Optimal and Adaptive Operation of a Hydropower System with Unit Commitment and Water Quality Constraints

Management of water resources has become more complex in recent years as a result of changing attitudes towards sustainability and the attribution of greater attention to environmental issues, especially under a scenario of water scarcity risk introduced by climate changes and anthropogenic pressures. This study addresses the optimal short-term operation of a multi-purpose hydropower system under an environment where objectives are conflicting. New optimization models using mixed integer nonlinear programming (MINLP) with binary variables adopted for incorporating unit commitment constraints and adaptive real-time operations are developed and applied to a real life hydropower reservoir in Brazil, utilizing evolutionary algorithms. These formulations address water quality concerns downstream of the reservoir and optimal operations for power generation in an integrated manner and deal with uncertain future flows due to climate change.

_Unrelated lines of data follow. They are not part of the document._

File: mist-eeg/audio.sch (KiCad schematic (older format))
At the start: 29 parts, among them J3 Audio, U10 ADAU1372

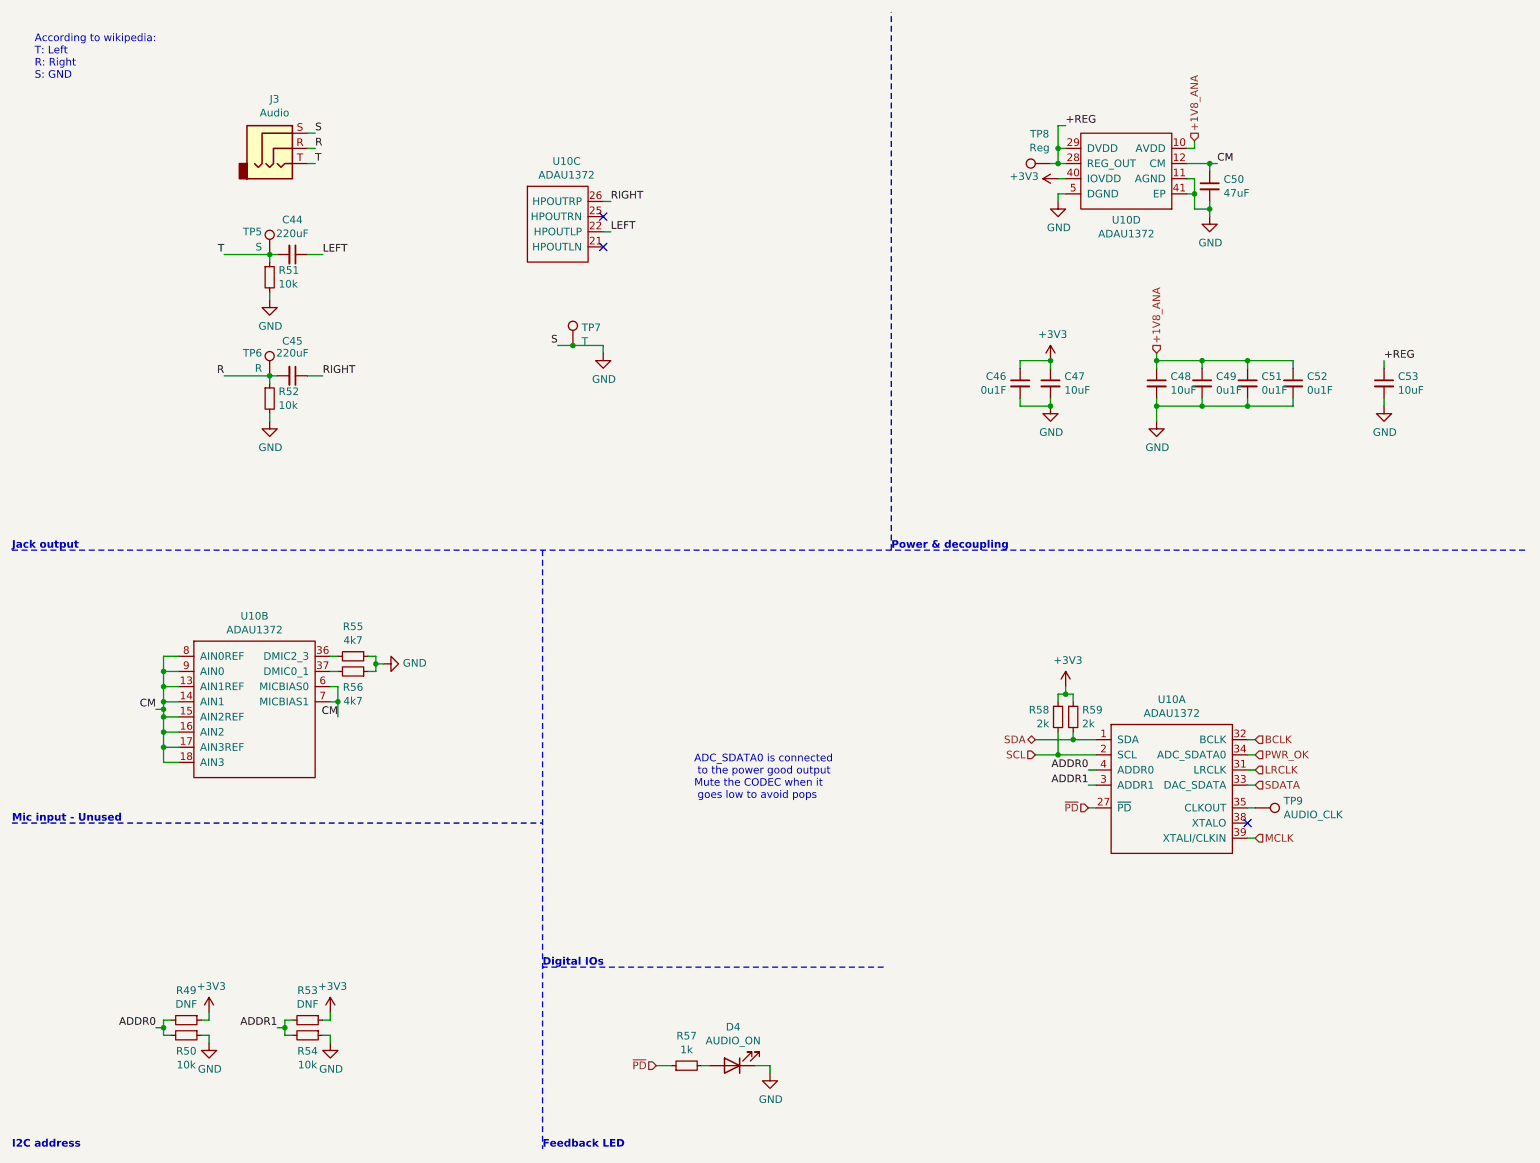
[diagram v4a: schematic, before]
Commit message: Change buckboost regulator used
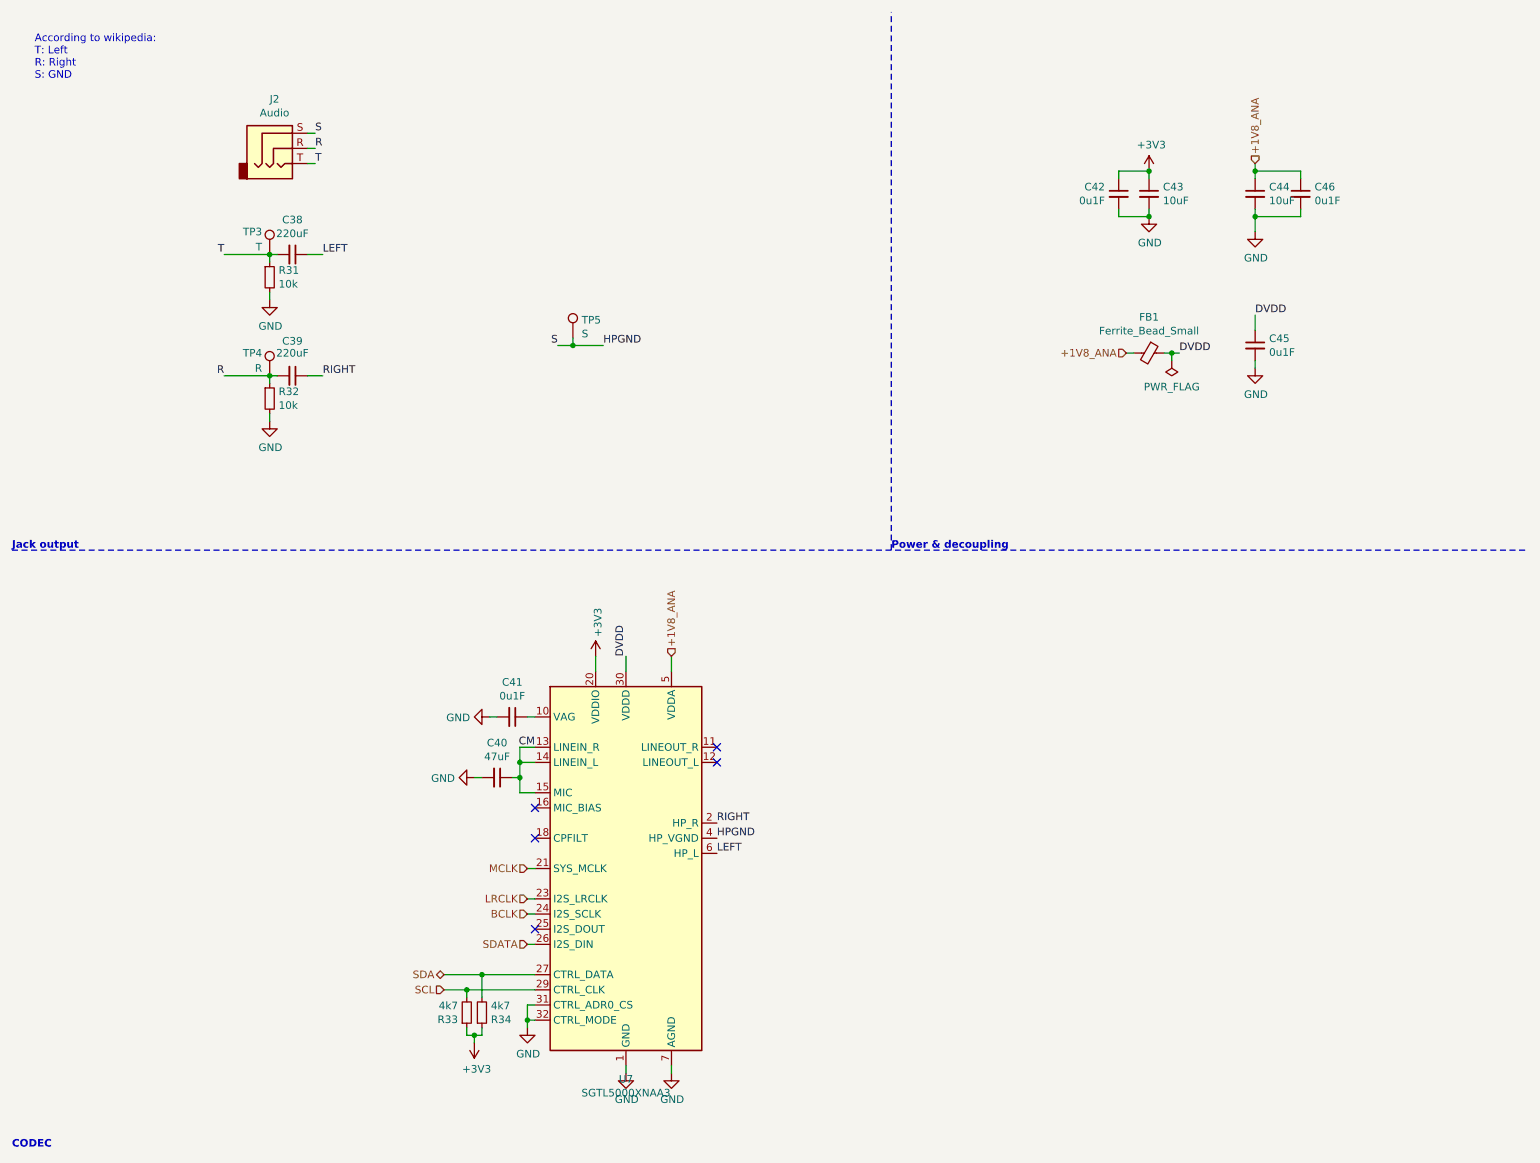
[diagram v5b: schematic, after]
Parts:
- removed C53: 10uF, Capacitor_SMD:C_0603_1608Metric, symbol Device:C_Small
- removed D4: AUDIO_ON, LED_SMD:LED_0603_1608Metric, symbol Device:LED
- removed R49, R53: DNF, Resistor_SMD:R_0603_1608Metric, symbol Device:R_Small
- removed R50, R54: 10k, Resistor_SMD:R_0603_1608Metric, symbol Device:R_Small
- removed R55, R56: 4k7, Resistor_SMD:R_0201_0603Metric, symbol Device:R_Small
- removed R57: 1k, Resistor_SMD:R_0402_1005Metric, symbol Device:R_Small
- removed TP8: Reg, TestPoint:TestPoint_Pad_D1.0mm, symbol Connector:TestPoint
- removed TP9: AUDIO_CLK, TestPoint:TestPoint_Pad_D1.0mm, symbol Connector:TestPoint
- removed U10: ADAU1372, Package_DFN_QFN:QFN-40-1EP_6x6mm_P0.5mm_EP4.6x4.6mm, symbol components:ADAU1372
- added FB1: Ferrite_Bead_Small, Resistor_SMD:R_0603_1608Metric, symbol Device:Ferrite_Bead_Small
- added U7: SGTL5000XNAA3, Package_DFN_QFN:QFN-32-1EP_5x5mm_P0.5mm_EP3.6x3.6mm, symbol Audio:SGTL5000XNAA3
- R33: renamed from R58; value 2k -> 4k7
- R34: renamed from R59; value 2k -> 4k7
- TP3: renamed from TP5; value S -> T
- TP5: renamed from TP7; value T -> S
- renumbered C44 to C38, C45 to C39, C50 to C40, C52 to C41, C46 to C42, C47 to C43, C48 to C44, C51 to C45, C49 to C46, J3 to J2, R51 to R31, R52 to R32, TP6 to TP4
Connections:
- net +1V8_ANA: now also FB1.2, U7.5 (VDDA); no longer C41.1, C45.1
- net +3V3: now also U7.20 (VDDIO)
- net BCLK: now also U7.24 (I2S_SCLK)
- net CM: now also U7.13 (LINEIN_R), U7.14 (LINEIN_L), U7.15 (MIC)
- net GND: now also U7.1 (GND), U7.3 (GND), U7.31 (CTRL_ADR0_CS), U7.32 (CTRL_MODE), U7.33 (GND), U7.7 (AGND); no longer J2.S, TP5.1
- net LEFT: now also U7.6 (HP_L)
- net LRCLK: now also U7.23 (I2S_LRCLK)
- net MCLK: now also U7.21 (SYS_MCLK)
- net RIGHT: now also U7.2 (HP_R)
- net SCL: now also U7.29 (CTRL_CLK)
- net SDA: now also U7.27 (CTRL_DATA)
- net SDATA: now also U7.26 (I2S_DIN)
- new net: C41.1, U7.10 (VAG)
- new net DVDD: C45.1, FB1.1, U7.30 (VDDD)
- new net HPGND: J2.S, TP5.1, U7.4 (HP_VGND)
- no-connect marks 3 -> 5
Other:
- note added: "CODEC"
- note removed: "ADC_SDATA0 is connected\n to the power good output\nMute the CODEC when it\n goes low to avoid pops"
- note removed: "Digital IOs"
- note removed: "Feedback LED"
- note removed: "I2C address"
- note removed: "Mic input - Unused"
- moved on the sheet: C40, C41, C42, C43, C44, C45, C46, R33, R34, TP5

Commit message: Switch to POL switching regulator to accelerate production of the board
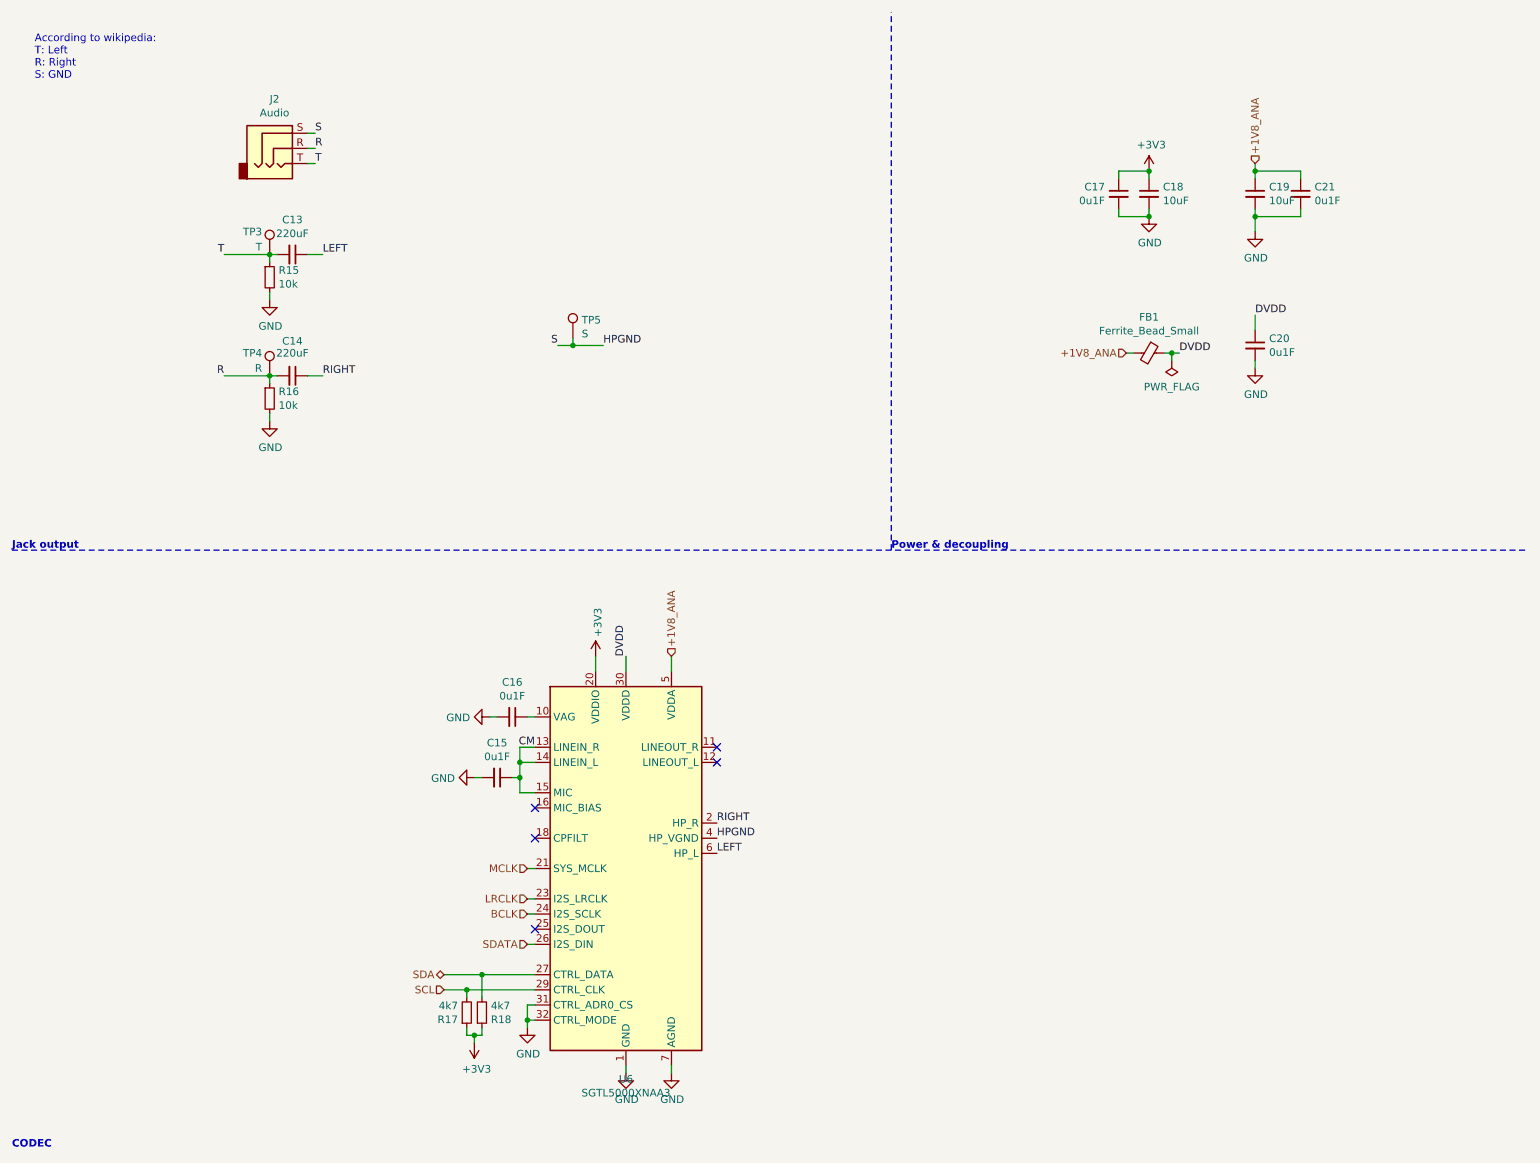
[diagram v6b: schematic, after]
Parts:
- removed C40: 47uF, Capacitor_SMD:C_1210_3225Metric, symbol Device:C_Small
- added C15: 0u1F, Capacitor_SMD:C_0201_0603Metric, symbol Device:C_Small
- renumbered C38 to C13, C39 to C14, C41 to C16, C42 to C17, C43 to C18, C44 to C19, C45 to C20, C46 to C21, R31 to R15, R32 to R16, R33 to R17, R34 to R18, U7 to U6
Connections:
- net CM: now also C15.1
- net GND: now also C15.2
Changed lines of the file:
@@
 $Descr USLetter 11000 8500
 encoding utf-8
-Sheet 7 11
+Sheet 4 8
 Title "Portiloop"
-Date "2021-08-03"
-Rev "1D"
+Date "2021-08-05"
+Rev "1E"
 Comp "MIST Lab"
 Comment1 "Designed by Xavier L'Heureux"
@@
 	2500 1300 2450 1300
 $Comp
-L Device:C_Small C38
+L Device:C_Small C13
 U 1 1 60ABF165
 P 2350 2100
-F 0 "C38" V 2121 2100 50  0000 C CNN
+F 0 "C13" V 2121 2100 50  0000 C CNN
 F 1 "220uF" V 2212 2100 50  0000 C CNN
 F 2 "Capacitor_SMD:C_1210_3225Metric" H 2350 2100 50  0001 C CNN
@@
 $EndComp
 $Comp
-L Device:R_Small R31
+L Device:R_Small R15
 U 1 1 60ABF5BC
 P 2200 2250
-F 0 "R31" H 2259 2296 50  0000 L CNN
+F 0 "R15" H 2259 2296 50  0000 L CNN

Results obtained using genetic algorithm (GA) solvers were superior to gradient based methods, converging to superior optimal solutions especially due to computational intractability problems associated with combinatorial domain of integer variables in the unit commitment formulation. The adaptive operation formulation in conjunction with the solution of turbine unit commitment problem yielded more reliable solutions, reducing forecasting uncertainty and providing more flexible operational rules.